- Storm does not allow arbitrary state in operators (what Nathan Marz calls "bolts"). This makes implementing the runtime easier, such as being able to replay tuple sends for fault tolerance, but it limits what kinds of applications one can make. Yes, I'm on board with the idea that we should avoid mutable state as much as possible, but people who build real applications want it. Yet, fault tolerance in our system requires more work, so it's a trade-off.
- Storm programs are implemented in Java. Streams applications are implemented in our programming language, which has the rather pedestrian name Streams Programming Language, but usually just SPL. This may seem minor, but it's a big deal. Marz is working on a higher level language in Clojure. Implementing programs in a higher level language enables developers to abstract away many issues related to high performance, distributed systems. I compare it to the difference between writing assembly code and writing C code. (Or the difference between writing Python code and writing C code.) The code that we generate is similar in principle to how one writes a Storm application. Which brings me to...
- Storm runs on the JVM, we generate C++ code which gets compiled.
Neither Storm or Streams are the first or only in this area. Stream programming is also popular for hardware, but that is usually synchronous and if there's state, it's shared-memory. Storm and Streams are distributed and asynchronous. There are academic distributed streaming systems such as Borealis. The research name for Streams is System S, and there are many academic papers about it, or that use it as a platform for other research: http://dl.acm.org/results.cfm?h=1&cfid=66087472&cfto...
And for the record, I am impressed with Storm.
The "state spout" abstraction, a future feature for Storm, will alleviate the performance problems with using an external database. Although in the time being, smart use of batching/checkpointing is sufficient for most applications.
Also, Storm topologies can be written in any language. Storm has great multi-language support.
I do agree though that higher level abstractions are important. That will come later, once we're confident that we've mastered the primitives for doing fault-tolerant realtime computation.
Maybe I misunderstand your point, but Storm does allow state in Bolts - a Bolt is just a Java object, so it can have member variables. That's how aggregation (e.g. counting events per user) is done.

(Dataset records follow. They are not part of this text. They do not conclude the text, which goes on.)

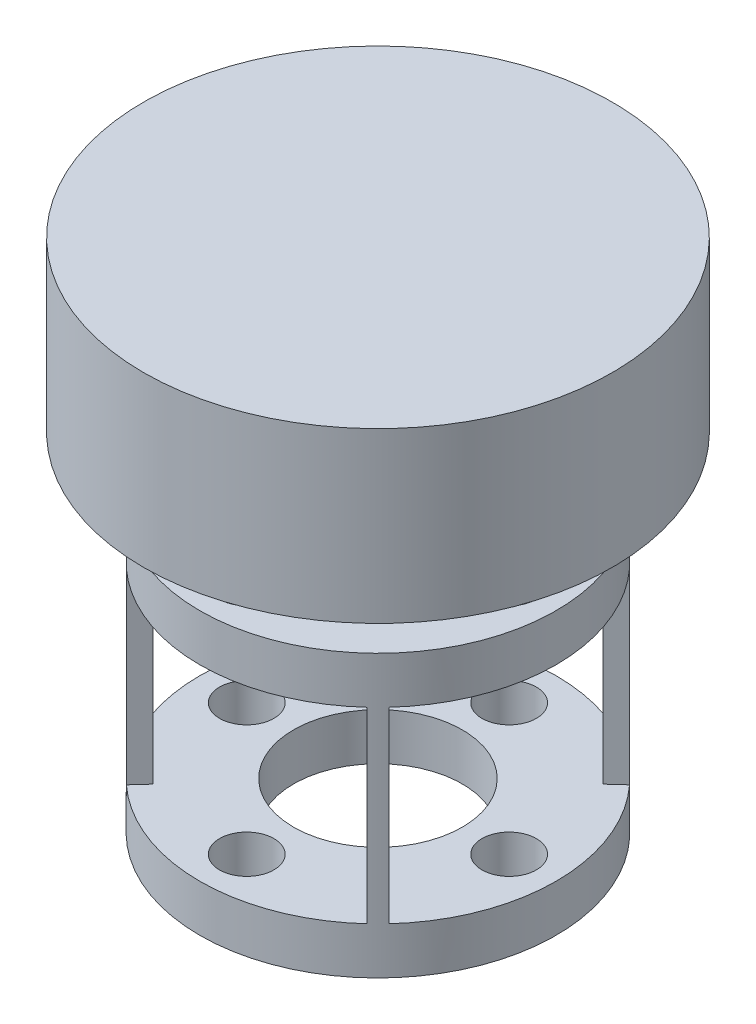
ISO-10303-21;
HEADER;
FILE_DESCRIPTION(('STEP AP214'),'2;1');
FILE_NAME('part.step','',(''),(''),'','','');
FILE_SCHEMA(('AUTOMOTIVE_DESIGN { 1 0 10303 214 1 1 1 1 }'));
ENDSEC;
DATA;
#1=APPLICATION_CONTEXT('core data for automotive mechanical design processes');
#2=APPLICATION_PROTOCOL_DEFINITION('international standard','automotive_design',2000,#1);
#3=PRODUCT_CONTEXT('',#1,'mechanical');
#4=PRODUCT('Part','Part','',(#3));
#5=PRODUCT_RELATED_PRODUCT_CATEGORY('part','',(#4));
#6=PRODUCT_DEFINITION_FORMATION('','',#4);
#7=PRODUCT_DEFINITION_CONTEXT('part definition',#1,'design');
#8=PRODUCT_DEFINITION('design','',#6,#7);
#9=PRODUCT_DEFINITION_SHAPE('','',#8);
#10=(LENGTH_UNIT() NAMED_UNIT(*) SI_UNIT(.MILLI.,.METRE.));
#11=(NAMED_UNIT(*) PLANE_ANGLE_UNIT() SI_UNIT($,.RADIAN.));
#12=(NAMED_UNIT(*) SI_UNIT($,.STERADIAN.) SOLID_ANGLE_UNIT());
#13=UNCERTAINTY_MEASURE_WITH_UNIT(LENGTH_MEASURE(1.E-05),#10,'distance_accuracy_value','');
#14=(GEOMETRIC_REPRESENTATION_CONTEXT(3) GLOBAL_UNCERTAINTY_ASSIGNED_CONTEXT((#13)) GLOBAL_UNIT_ASSIGNED_CONTEXT((#10,
#11,#12)) REPRESENTATION_CONTEXT('',''));
#15=CARTESIAN_POINT('',(0.,0.,0.));
#16=DIRECTION('',(0.,0.,1.));
#17=DIRECTION('',(1.,0.,0.));
#18=AXIS2_PLACEMENT_3D('',#15,#16,#17);
#19=CARTESIAN_POINT('',(0.,55.,0.));
#20=DIRECTION('',(0.,-1.,0.));
#21=DIRECTION('',(0.,0.,-1.));
#22=AXIS2_PLACEMENT_3D('',#19,#20,#21);
#23=CYLINDRICAL_SURFACE('',#22,2.5);
#24=CARTESIAN_POINT('',(0.,35.,0.));
#25=DIRECTION('',(0.,1.,0.));
#26=DIRECTION('',(0.,0.,1.));
#27=AXIS2_PLACEMENT_3D('',#24,#25,#26);
#28=CIRCLE('',#27,2.5);
#29=CARTESIAN_POINT('',(0.,35.,2.5));
#30=VERTEX_POINT('',#29);
#31=EDGE_CURVE('E259',#30,#30,#28,.T.);
#32=ORIENTED_EDGE('',*,*,#31,.T.);
#33=EDGE_LOOP('',(#32));
#34=FACE_BOUND('',#33,.T.);
#35=CARTESIAN_POINT('',(0.,37.,0.));
#36=DIRECTION('',(0.,1.,0.));
#37=DIRECTION('',(0.,0.,1.));
#38=AXIS2_PLACEMENT_3D('',#35,#36,#37);
#39=CIRCLE('',#38,2.5);
#40=CARTESIAN_POINT('',(0.,37.,2.5));
#41=VERTEX_POINT('',#40);
#42=EDGE_CURVE('E12',#41,#41,#39,.T.);
#43=ORIENTED_EDGE('',*,*,#42,.F.);
#44=EDGE_LOOP('',(#43));
#45=FACE_BOUND('',#44,.T.);
#46=ADVANCED_FACE('F53',(#34,#45),#23,.T.);
#47=CARTESIAN_POINT('',(0.,5.,0.));
#48=DIRECTION('',(0.,1.,0.));
#49=DIRECTION('',(0.,0.,1.));
#50=AXIS2_PLACEMENT_3D('',#47,#48,#49);
#51=PLANE('',#50);
#52=CARTESIAN_POINT('',(0.,5.,0.));
#53=DIRECTION('',(0.,1.,0.));
#54=DIRECTION('',(0.,0.,1.));
#55=AXIS2_PLACEMENT_3D('',#52,#53,#54);
#56=CIRCLE('',#55,9.);
#57=CARTESIAN_POINT('',(0.,5.,9.));
#58=VERTEX_POINT('',#57);
#59=EDGE_CURVE('E297',#58,#58,#56,.F.);
#60=ORIENTED_EDGE('',*,*,#59,.T.);
#61=EDGE_LOOP('',(#60));
#62=FACE_BOUND('',#61,.T.);
#63=CARTESIAN_POINT('',(14.,5.,0.));
#64=DIRECTION('',(0.,1.,0.));
#65=DIRECTION('',(0.,0.,1.));
#66=AXIS2_PLACEMENT_3D('',#63,#64,#65);
#67=CIRCLE('',#66,2.9);
#68=CARTESIAN_POINT('',(14.,5.,2.9));
#69=VERTEX_POINT('',#68);
#70=EDGE_CURVE('E365',#69,#69,#67,.F.);
#71=ORIENTED_EDGE('',*,*,#70,.T.);
#72=EDGE_LOOP('',(#71));
#73=FACE_BOUND('',#72,.T.);
#74=CARTESIAN_POINT('',(0.,5.,14.));
#75=DIRECTION('',(0.,1.,0.));
#76=DIRECTION('',(0.,0.,1.));
#77=AXIS2_PLACEMENT_3D('',#74,#75,#76);
#78=CIRCLE('',#77,2.9);
#79=CARTESIAN_POINT('',(0.,5.,16.9));
#80=VERTEX_POINT('',#79);
#81=EDGE_CURVE('E357',#80,#80,#78,.F.);
#82=ORIENTED_EDGE('',*,*,#81,.T.);
#83=EDGE_LOOP('',(#82));
#84=FACE_BOUND('',#83,.T.);
#85=CARTESIAN_POINT('',(0.,5.,-14.));
#86=DIRECTION('',(0.,1.,0.));
#87=DIRECTION('',(0.,0.,1.));
#88=AXIS2_PLACEMENT_3D('',#85,#86,#87);
#89=CIRCLE('',#88,2.9);
#90=CARTESIAN_POINT('',(0.,5.,-11.1));
#91=VERTEX_POINT('',#90);
#92=EDGE_CURVE('E349',#91,#91,#89,.F.);
#93=ORIENTED_EDGE('',*,*,#92,.T.);
#94=EDGE_LOOP('',(#93));
#95=FACE_BOUND('',#94,.T.);
#96=CARTESIAN_POINT('',(-14.,5.,0.));
#97=DIRECTION('',(0.,1.,0.));
#98=DIRECTION('',(0.,0.,1.));
#99=AXIS2_PLACEMENT_3D('',#96,#97,#98);
#100=CIRCLE('',#99,2.9);
#101=CARTESIAN_POINT('',(-14.,5.,2.9));
#102=VERTEX_POINT('',#101);
#103=EDGE_CURVE('E341',#102,#102,#100,.F.);
#104=ORIENTED_EDGE('',*,*,#103,.T.);
#105=EDGE_LOOP('',(#104));
#106=FACE_BOUND('',#105,.T.);
#107=CARTESIAN_POINT('',(0.,5.,0.));
#108=DIRECTION('',(0.,1.,0.));
#109=DIRECTION('',(0.,0.,1.));
#110=AXIS2_PLACEMENT_3D('',#107,#108,#109);
#111=CIRCLE('',#110,19.);
#112=CARTESIAN_POINT('',(-12.8362139446975,5.,14.0082693993924));
#113=VERTEX_POINT('',#112);
#114=CARTESIAN_POINT('',(12.8362139446977,5.,14.0082693993922));
#115=VERTEX_POINT('',#114);
#116=EDGE_CURVE('E252',#113,#115,#111,.T.);
#117=ORIENTED_EDGE('',*,*,#116,.T.);
#118=DIRECTION('',(-0.675590207615618,0.,-0.737277336810162));
#119=VECTOR('',#118,1.);
#120=CARTESIAN_POINT('',(12.8362139446977,5.,14.0082693993922));
#121=LINE('',#120,#119);
#122=CARTESIAN_POINT('',(11.4850335294665,5.,12.5337147257719));
#123=VERTEX_POINT('',#122);
#124=EDGE_CURVE('E69',#115,#123,#121,.T.);
#125=ORIENTED_EDGE('',*,*,#124,.T.);
#126=CARTESIAN_POINT('',(0.,5.,0.));
#127=DIRECTION('',(0.,-1.,0.));
#128=DIRECTION('',(0.,0.,-1.));
#129=AXIS2_PLACEMENT_3D('',#126,#127,#128);
#130=CIRCLE('',#129,17.);
#131=CARTESIAN_POINT('',(12.5337147257722,5.,11.4850335294661));
#132=VERTEX_POINT('',#131);
#133=EDGE_CURVE('E447',#132,#123,#130,.T.);
#134=ORIENTED_EDGE('',*,*,#133,.F.);
#135=DIRECTION('',(-0.737277336810099,0.,-0.675590207615687));
#136=VECTOR('',#135,1.);
#137=CARTESIAN_POINT('',(14.0082693993924,5.,12.8362139446975));
#138=LINE('',#137,#136);
#139=CARTESIAN_POINT('',(14.0082693993924,5.,12.8362139446975));
#140=VERTEX_POINT('',#139);
#141=EDGE_CURVE('E212',#140,#132,#138,.T.);
#142=ORIENTED_EDGE('',*,*,#141,.F.);
#143=CARTESIAN_POINT('',(14.0082693993922,5.,-12.8362139446977));
#144=VERTEX_POINT('',#143);
#145=EDGE_CURVE('E186',#140,#144,#111,.T.);
#146=ORIENTED_EDGE('',*,*,#145,.T.);
#147=DIRECTION('',(-0.737277336810131,0.,0.675590207615653));
#148=VECTOR('',#147,1.);
#149=CARTESIAN_POINT('',(14.0082693993922,5.,-12.8362139446977));
#150=LINE('',#149,#148);
#151=CARTESIAN_POINT('',(12.5337147257719,5.,-11.4850335294664));
#152=VERTEX_POINT('',#151);
#153=EDGE_CURVE('E76',#144,#152,#150,.T.);
#154=ORIENTED_EDGE('',*,*,#153,.T.);
#155=CARTESIAN_POINT('',(0.,5.,0.));
#156=DIRECTION('',(0.,-1.,0.));
#157=DIRECTION('',(0.,0.,-1.));
#158=AXIS2_PLACEMENT_3D('',#155,#156,#157);
#159=CIRCLE('',#158,17.);
#160=CARTESIAN_POINT('',(11.4850335294662,5.,-12.5337147257722));
#161=VERTEX_POINT('',#160);
#162=EDGE_CURVE('E429',#161,#152,#159,.T.);
#163=ORIENTED_EDGE('',*,*,#162,.F.);
#164=DIRECTION('',(-0.675590207615654,0.,0.73727733681013));
#165=VECTOR('',#164,1.);
#166=CARTESIAN_POINT('',(12.8362139446975,5.,-14.0082693993924));
#167=LINE('',#166,#165);
#168=CARTESIAN_POINT('',(12.8362139446975,5.,-14.0082693993924));
#169=VERTEX_POINT('',#168);
#170=EDGE_CURVE('E425',#169,#161,#167,.T.);
#171=ORIENTED_EDGE('',*,*,#170,.F.);
#172=CARTESIAN_POINT('',(-12.8362139446977,5.,-14.0082693993922));
#173=VERTEX_POINT('',#172);
#174=EDGE_CURVE('E455',#169,#173,#111,.T.);
#175=ORIENTED_EDGE('',*,*,#174,.T.);
#176=DIRECTION('',(0.675590207615668,0.,0.737277336810117));
#177=VECTOR('',#176,1.);
#178=CARTESIAN_POINT('',(-12.8362139446977,5.,-14.0082693993922));
#179=LINE('',#178,#177);
#180=CARTESIAN_POINT('',(-11.4850335294664,5.,-12.533714725772));
#181=VERTEX_POINT('',#180);
#182=EDGE_CURVE('E229',#173,#181,#179,.T.);
#183=ORIENTED_EDGE('',*,*,#182,.T.);
#184=CARTESIAN_POINT('',(0.,5.,0.));
#185=DIRECTION('',(0.,-1.,0.));
#186=DIRECTION('',(0.,0.,-1.));
#187=AXIS2_PLACEMENT_3D('',#184,#185,#186);
#188=CIRCLE('',#187,17.);
#189=CARTESIAN_POINT('',(-12.5337147257722,5.,-11.4850335294661));
#190=VERTEX_POINT('',#189);
#191=EDGE_CURVE('E395',#190,#181,#188,.T.);
#192=ORIENTED_EDGE('',*,*,#191,.F.);
#193=DIRECTION('',(0.737277336810127,0.,0.675590207615657));
#194=VECTOR('',#193,1.);
#195=CARTESIAN_POINT('',(-14.0082693993924,5.,-12.8362139446975));
#196=LINE('',#195,#194);
#197=CARTESIAN_POINT('',(-14.0082693993924,5.,-12.8362139446975));
#198=VERTEX_POINT('',#197);
#199=EDGE_CURVE('E391',#198,#190,#196,.T.);
#200=ORIENTED_EDGE('',*,*,#199,.F.);
#201=CARTESIAN_POINT('',(-14.0082693993922,5.,12.8362139446977));
#202=VERTEX_POINT('',#201);
#203=EDGE_CURVE('E255',#198,#202,#111,.T.);
#204=ORIENTED_EDGE('',*,*,#203,.T.);
#205=DIRECTION('',(0.737277336810131,0.,-0.675590207615653));
#206=VECTOR('',#205,1.);
#207=CARTESIAN_POINT('',(-14.0082693993922,5.,12.8362139446977));
#208=LINE('',#207,#206);
#209=CARTESIAN_POINT('',(-12.5337147257719,5.,11.4850335294664));
#210=VERTEX_POINT('',#209);
#211=EDGE_CURVE('E225',#202,#210,#208,.T.);
#212=ORIENTED_EDGE('',*,*,#211,.T.);
#213=CARTESIAN_POINT('',(0.,5.,0.));
#214=DIRECTION('',(0.,-1.,0.));
#215=DIRECTION('',(0.,0.,-1.));
#216=AXIS2_PLACEMENT_3D('',#213,#214,#215);
#217=CIRCLE('',#216,17.);
#218=CARTESIAN_POINT('',(-11.4850335294662,5.,12.5337147257722));
#219=VERTEX_POINT('',#218);
#220=EDGE_CURVE('E228',#219,#210,#217,.T.);
#221=ORIENTED_EDGE('',*,*,#220,.F.);
#222=DIRECTION('',(0.675590207615654,0.,-0.73727733681013));
#223=VECTOR('',#222,1.);
#224=CARTESIAN_POINT('',(-12.8362139446975,5.,14.0082693993924));
#225=LINE('',#224,#223);
#226=EDGE_CURVE('E218',#113,#219,#225,.T.);
#227=ORIENTED_EDGE('',*,*,#226,.F.);
#228=EDGE_LOOP('',(#117,#125,#134,#142,#146,#154,#163,#171,#175,#183,#192,#200,#204,#212,#221,#227));
#229=FACE_BOUND('',#228,.T.);
#230=ADVANCED_FACE('F277',(#62,#73,#84,#95,#106,#229),#51,.T.);
#231=CARTESIAN_POINT('',(0.,5.,0.));
#232=DIRECTION('',(0.,-1.,0.));
#233=DIRECTION('',(0.,0.,-1.));
#234=AXIS2_PLACEMENT_3D('',#231,#232,#233);
#235=CYLINDRICAL_SURFACE('',#234,19.);
#236=CARTESIAN_POINT('',(0.,25.,0.));
#237=DIRECTION('',(0.,1.,0.));
#238=DIRECTION('',(0.,0.,1.));
#239=AXIS2_PLACEMENT_3D('',#236,#237,#238);
#240=CIRCLE('',#239,19.);
#241=CARTESIAN_POINT('',(-14.0082693993924,25.,-12.8362139446975));
#242=VERTEX_POINT('',#241);
#243=CARTESIAN_POINT('',(-14.0082693993922,25.,12.8362139446977));
#244=VERTEX_POINT('',#243);
#245=EDGE_CURVE('E373',#242,#244,#240,.T.);
#246=ORIENTED_EDGE('',*,*,#245,.T.);
#247=DIRECTION('',(0.,-1.,0.));
#248=VECTOR('',#247,1.);
#249=CARTESIAN_POINT('',(-14.0082693993922,25.,12.8362139446977));
#250=LINE('',#249,#248);
#251=EDGE_CURVE('E224',#244,#202,#250,.T.);
#252=ORIENTED_EDGE('',*,*,#251,.T.);
#253=ORIENTED_EDGE('',*,*,#203,.F.);
#254=DIRECTION('',(0.,-1.,0.));
#255=VECTOR('',#254,1.);
#256=CARTESIAN_POINT('',(-14.0082693993924,25.,-12.8362139446975));
#257=LINE('',#256,#255);
#258=EDGE_CURVE('E387',#242,#198,#257,.T.);
#259=ORIENTED_EDGE('',*,*,#258,.F.);
#260=EDGE_LOOP('',(#246,#252,#253,#259));
#261=FACE_BOUND('',#260,.T.);
#262=CARTESIAN_POINT('',(12.8362139446975,25.,-14.0082693993924));
#263=VERTEX_POINT('',#262);
#264=CARTESIAN_POINT('',(-12.8362139446977,25.,-14.0082693993922));
#265=VERTEX_POINT('',#264);
#266=EDGE_CURVE('E178',#263,#265,#240,.T.);
#267=ORIENTED_EDGE('',*,*,#266,.T.);
#268=DIRECTION('',(0.,-1.,0.));
#269=VECTOR('',#268,1.);
#270=CARTESIAN_POINT('',(-12.8362139446977,25.,-14.0082693993922));
#271=LINE('',#270,#269);
#272=EDGE_CURVE('E374',#265,#173,#271,.T.);
#273=ORIENTED_EDGE('',*,*,#272,.T.);
#274=ORIENTED_EDGE('',*,*,#174,.F.);
#275=DIRECTION('',(0.,-1.,0.));
#276=VECTOR('',#275,1.);
#277=CARTESIAN_POINT('',(12.8362139446975,25.,-14.0082693993924));
#278=LINE('',#277,#276);
#279=EDGE_CURVE('E421',#263,#169,#278,.T.);
#280=ORIENTED_EDGE('',*,*,#279,.F.);
#281=EDGE_LOOP('',(#267,#273,#274,#280));
#282=FACE_BOUND('',#281,.T.);
#283=CARTESIAN_POINT('',(14.0082693993924,25.,12.8362139446975));
#284=VERTEX_POINT('',#283);
#285=CARTESIAN_POINT('',(14.0082693993922,25.,-12.8362139446977));
#286=VERTEX_POINT('',#285);
#287=EDGE_CURVE('E165',#284,#286,#240,.T.);
#288=ORIENTED_EDGE('',*,*,#287,.T.);
#289=DIRECTION('',(0.,-1.,0.));
#290=VECTOR('',#289,1.);
#291=CARTESIAN_POINT('',(14.0082693993922,25.,-12.8362139446977));
#292=LINE('',#291,#290);
#293=EDGE_CURVE('E410',#286,#144,#292,.T.);
#294=ORIENTED_EDGE('',*,*,#293,.T.);
#295=ORIENTED_EDGE('',*,*,#145,.F.);
#296=DIRECTION('',(0.,-1.,0.));
#297=VECTOR('',#296,1.);
#298=CARTESIAN_POINT('',(14.0082693993924,25.,12.8362139446975));
#299=LINE('',#298,#297);
#300=EDGE_CURVE('E183',#284,#140,#299,.T.);
#301=ORIENTED_EDGE('',*,*,#300,.F.);
#302=EDGE_LOOP('',(#288,#294,#295,#301));
#303=FACE_BOUND('',#302,.T.);
#304=DIRECTION('',(0.,-1.,0.));
#305=VECTOR('',#304,1.);
#306=CARTESIAN_POINT('',(-12.8362139446975,25.,14.0082693993924));
#307=LINE('',#306,#305);
#308=CARTESIAN_POINT('',(-12.8362139446975,25.,14.0082693993924));
#309=VERTEX_POINT('',#308);
#310=EDGE_CURVE('E236',#309,#113,#307,.T.);
#311=ORIENTED_EDGE('',*,*,#310,.F.);
#312=CARTESIAN_POINT('',(12.8362139446977,25.,14.0082693993922));
#313=VERTEX_POINT('',#312);
#314=EDGE_CURVE('E180',#309,#313,#240,.T.);
#315=ORIENTED_EDGE('',*,*,#314,.T.);
#316=DIRECTION('',(0.,-1.,0.));
#317=VECTOR('',#316,1.);
#318=CARTESIAN_POINT('',(12.8362139446977,25.,14.0082693993922));
#319=LINE('',#318,#317);
#320=EDGE_CURVE('E197',#313,#115,#319,.T.);
#321=ORIENTED_EDGE('',*,*,#320,.T.);
#322=ORIENTED_EDGE('',*,*,#116,.F.);
#323=EDGE_LOOP('',(#311,#315,#321,#322));
#324=FACE_BOUND('',#323,.T.);
#325=CARTESIAN_POINT('',(0.,0.,0.));
#326=DIRECTION('',(0.,1.,0.));
#327=DIRECTION('',(0.,0.,1.));
#328=AXIS2_PLACEMENT_3D('',#325,#326,#327);
#329=CIRCLE('',#328,19.);
#330=CARTESIAN_POINT('',(0.,0.,19.));
#331=VERTEX_POINT('',#330);
#332=EDGE_CURVE('E240',#331,#331,#329,.T.);
#333=ORIENTED_EDGE('',*,*,#332,.T.);
#334=EDGE_LOOP('',(#333));
#335=FACE_BOUND('',#334,.T.);
#336=CARTESIAN_POINT('',(0.,30.,0.));
#337=DIRECTION('',(0.,1.,0.));
#338=DIRECTION('',(0.,0.,1.));
#339=AXIS2_PLACEMENT_3D('',#336,#337,#338);
#340=CIRCLE('',#339,19.);
#341=CARTESIAN_POINT('',(0.,30.,19.));
#342=VERTEX_POINT('',#341);
#343=EDGE_CURVE('E177',#342,#342,#340,.T.);
#344=ORIENTED_EDGE('',*,*,#343,.F.);
#345=EDGE_LOOP('',(#344));
#346=FACE_BOUND('',#345,.T.);
#347=ADVANCED_FACE('F184',(#261,#282,#303,#324,#335,#346),#235,.T.);
#348=CARTESIAN_POINT('',(0.,0.,0.));
#349=DIRECTION('',(0.,1.,0.));
#350=DIRECTION('',(0.,0.,1.));
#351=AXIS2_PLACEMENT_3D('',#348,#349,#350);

Of course, if you want a Bolt that scales horizontally, you need to account for the state being split across several instances of the Bolt class; and if you need the state to survive a restart, you need to keep it in an external database instead of in the object's memory.
I had assumed there was no arbitrary state because of the replay semantics. Let's say bolt A sends tuples to bolt B. B has internal state. A sends tuples t1, t2, t3 and t4. A receives acknowledgements that t1, t3 and t4 were processed. So t2 needs to be replayed. But the semantics of what that means is undefined - B has internal state that already incorporates, for certain, t3 and t4, and maybe t2. (While it's unlikely, you never know where a tuple got lost.) So replaying t2 is problematic - do you just blindly replay it, and allow potentially broken semantics? The alternative is to do rollback, which is quite hairy.